# Chorizo Fatty



## x0xsaywhutx0x (Jul 7, 2018)

Its been a long time since I've posted so I figured I would come back in style! A good old fatty I did up a couple days ago! Stuffed it with chorizo sausage, jalapenos, onions, and pepperjack cheese. Smoked it on my new Traeger Tailgater at around 250 degrees for about 2 1/2 hours.  Came out great!  Brought some to work for lunch and people were begging to have some and are even offering money for me to make them one!  I also tried making a version of it in a meatball form but when I tried to crisp up the bacon on the grill, I wasn't paying attention and ended up burning the bacon.


----------



## gmc2003 (Jul 7, 2018)

Looks awfully good from my screen.

Point for sure.

Chris


----------



## dcecil (Jul 7, 2018)

That looks delicious


----------



## chilerelleno (Jul 7, 2018)

Good looking fatty, I bet it tasted great.
That bacon looks so good...  Mmmmm!
I give it 4.5:5, it'd be 5:5 if I could see some oozing cheese.


----------



## x0xsaywhutx0x (Jul 7, 2018)

Thanks!
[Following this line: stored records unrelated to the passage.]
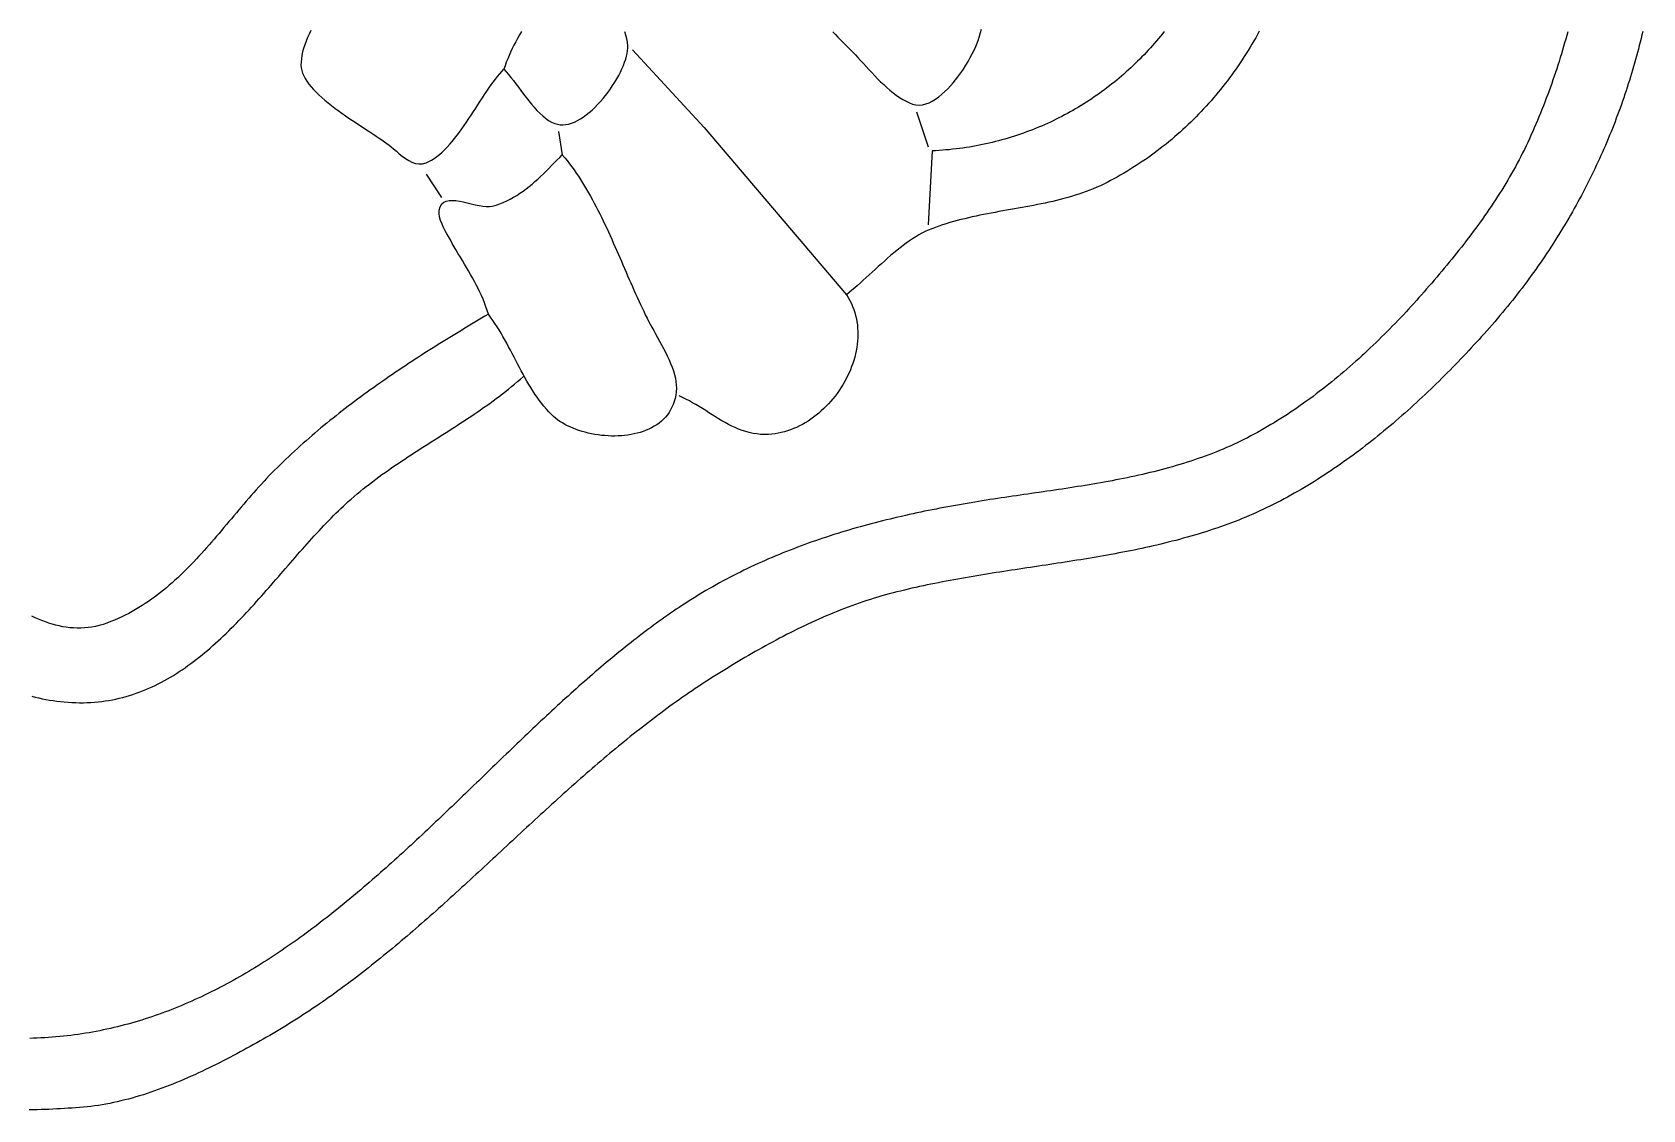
# Model space of a CAD drawing. Header units: millimetres. Extents: x 3 to 844, y 38 to 1106.
# Drawn here: x 421.9 to 835.7, y 37.8 to 314.8 of the extents above; entities that cross this region are included whole.
import ezdxf

# ---------------------------------------------------------------- set-up
doc = ezdxf.new("R2010")
doc.units = ezdxf.units.MM
doc.layers.add('0_0_0', color=3, linetype='Continuous')

msp = doc.modelspace()

# ---------------------------------------------------------------- linework, layer by layer
at = {"layer": '0_0_0'}
for points in [[(835.69, 315.02), (835.48, 314.11), (835.26, 313.21), (835.03, 312.3), (834.8, 311.4), (834.57, 310.49), (834.33, 309.59), (834.09, 308.69), (833.84, 307.79), (833.59, 306.9), (833.33, 306), (833.07, 305.1), (832.8, 304.21), (832.53, 303.32), (832.25, 302.43), (831.97, 301.53), (831.69, 300.64), (831.39, 299.76), (831.1, 298.87), (830.8, 297.98), (830.49, 297.1), (830.18, 296.21), (829.87, 295.33), (829.55, 294.45), (829.22, 293.57), (828.89, 292.69), (828.56, 291.82), (828.22, 290.94), (827.87, 290.07), (827.53, 289.19), (827.17, 288.32), (826.81, 287.45), (826.45, 286.58), (826.08, 285.71), (825.7, 284.85), (825.32, 283.98), (824.94, 283.12), (824.55, 282.26), (824.15, 281.4), (823.75, 280.54), (823.35, 279.68), (822.94, 278.82), (822.52, 277.97), (822.1, 277.12), (821.68, 276.26), (821.25, 275.41), (820.81, 274.56), (820.37, 273.72), (819.92, 272.87), (819.47, 272.03), (819.02, 271.18), (818.55, 270.34), (818.09, 269.5), (817.61, 268.67), (817.14, 267.83), (816.65, 266.99), (816.16, 266.16), (815.67, 265.33), (815.17, 264.5), (814.67, 263.67), (814.16, 262.85), (813.64, 262.02), (813.12, 261.2), (812.6, 260.38), (812.06, 259.56), (811.53, 258.74), (810.99, 257.92), (810.44, 257.11), (809.89, 256.29), (809.33, 255.48), (808.76, 254.67), (808.19, 253.86), (807.62, 253.06), (807.04, 252.25), (806.45, 251.45), (805.86, 250.65), (805.26, 249.85), (804.66, 249.05), (804.05, 248.26), (803.44, 247.47), (802.82, 246.67), (802.19, 245.89), (801.56, 245.1), (800.93, 244.31), (800.28, 243.53), (799.64, 242.75), (798.98, 241.97), (798.32, 241.19), (797.66, 240.41), (796.99, 239.64), (796.31, 238.86), (795.63, 238.09), (794.94, 237.33), (794.29, 236.6), (793.63, 235.88), (792.97, 235.16), (792.31, 234.44), (791.64, 233.71), (790.97, 232.99), (790.29, 232.28), (789.62, 231.56), (788.93, 230.84), (788.25, 230.13), (787.56, 229.41), (786.87, 228.7), (786.17, 227.99), (785.47, 227.28), (784.77, 226.57), (784.06, 225.87), (783.35, 225.17), (782.64, 224.47), (781.92, 223.77), (781.2, 223.07), (780.47, 222.38), (779.75, 221.69), (779.02, 221), (778.28, 220.31), (777.54, 219.63), (776.8, 218.95), (776.06, 218.27), (775.31, 217.6), (774.56, 216.93), (773.8, 216.26), (773.04, 215.6), (772.28, 214.94), (771.52, 214.28), (770.75, 213.63), (769.97, 212.98), (769.2, 212.34), (768.42, 211.7), (767.64, 211.06), (766.85, 210.43), (766.06, 209.8), (765.27, 209.18), (764.48, 208.56), (763.68, 207.94), (762.88, 207.33), (762.07, 206.73), (761.26, 206.13), (760.45, 205.54), (759.64, 204.95), (758.82, 204.36), (758, 203.78), (757.17, 203.21), (756.34, 202.64), (755.51, 202.08), (754.68, 201.53), (753.84, 200.98), (753, 200.43), (752.15, 199.89), (751.31, 199.36), (750.46, 198.84), (749.6, 198.32), (748.75, 197.81), (747.89, 197.3), (747.02, 196.8), (746.16, 196.31), (745.29, 195.82), (744.42, 195.34), (743.54, 194.87), (742.66, 194.41), (741.78, 193.95), (740.89, 193.5), (740.01, 193.06), (739.12, 192.63), (738.22, 192.2), (737.32, 191.78), (736.42, 191.37), (735.52, 190.97), (734.61, 190.57), (733.71, 190.19), (732.79, 189.81), (731.88, 189.44), (730.96, 189.08), (730.04, 188.72), (729.11, 188.38), (728.17, 188.04), (727.22, 187.7), (726.27, 187.37), (725.32, 187.05), (724.36, 186.74), (723.41, 186.43), (722.45, 186.13), (721.49, 185.84), (720.54, 185.55), (719.58, 185.27), (718.61, 185), (717.65, 184.73), (716.69, 184.47), (715.72, 184.21), (714.75, 183.96), (713.79, 183.72), (712.82, 183.48), (711.85, 183.24), (710.88, 183.01), (709.9, 182.79), (708.93, 182.57), (707.96, 182.35), (706.98, 182.14), (706.01, 181.93), (705.03, 181.73), (704.05, 181.53), (703.07, 181.34), (702.09, 181.15), (701.11, 180.96), (700.13, 180.78), (699.15, 180.59), (698.17, 180.42), (697.18, 180.24), (696.2, 180.07), (695.22, 179.9), (694.23, 179.73), (693.25, 179.57), (692.26, 179.41), (691.28, 179.24), (690.29, 179.09), (689.3, 178.93), (688.32, 178.77), (687.33, 178.62), (686.34, 178.47), (685.35, 178.31), (684.36, 178.16), (683.38, 178.01), (682.39, 177.86), (681.4, 177.72), (680.41, 177.57), (679.42, 177.42), (678.43, 177.27), (677.44, 177.12), (676.45, 176.97), (675.47, 176.82), (674.48, 176.67), (673.49, 176.52), (672.5, 176.37), (671.51, 176.22), (670.52, 176.07), (669.54, 175.91), (668.55, 175.76), (667.56, 175.6), (666.57, 175.44), (665.59, 175.28), (664.6, 175.12), (663.62, 174.95), (662.63, 174.78), (661.65, 174.61), (660.66, 174.44), (659.68, 174.26), (658.7, 174.08), (657.72, 173.9), (656.73, 173.72), (655.75, 173.53), (654.77, 173.33), (653.79, 173.14), (652.82, 172.94), (651.84, 172.74), (650.86, 172.53), (649.88, 172.31), (648.91, 172.1), (647.94, 171.88), (646.96, 171.65), (645.99, 171.42), (645.02, 171.18), (644.05, 170.94), (643.08, 170.69), (642.11, 170.44), (641.14, 170.18), (640.17, 169.91), (639.2, 169.63), (638.23, 169.33), (637.26, 169.03), (636.3, 168.72), (635.34, 168.41), (634.38, 168.08), (633.42, 167.74), (632.47, 167.4), (631.52, 167.05), (630.57, 166.69), (629.62, 166.32), (628.68, 165.94), (627.74, 165.56), (626.8, 165.17), (625.86, 164.77), (624.93, 164.37), (623.99, 163.96), (623.06, 163.54), (622.14, 163.12), (621.21, 162.69), (620.29, 162.25), (619.37, 161.81), (618.45, 161.36), (617.54, 160.91), (616.63, 160.45), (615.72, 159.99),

Unfortunately I didnt realize I was low on cheese so I used what was left.


----------



## chilerelleno (Jul 7, 2018)

x0xsaywhutx0x said:


> Thanks! Unfortunately I didnt realize I was low on cheese so I used what was left.


Sometimes ya gotta make do... I would still be holding out my plate for a slice or two.


----------



## SmokinAl (Jul 8, 2018)

Fantastic looking fattie!
Nicely done!
Al


----------



## ksblazer (Jul 11, 2018)

Looks really good to me. I like chorizo alot. In fact I have plans on making a Mexican style fatty with chorizo. 

Your bacon wrap looks picture perfect.


----------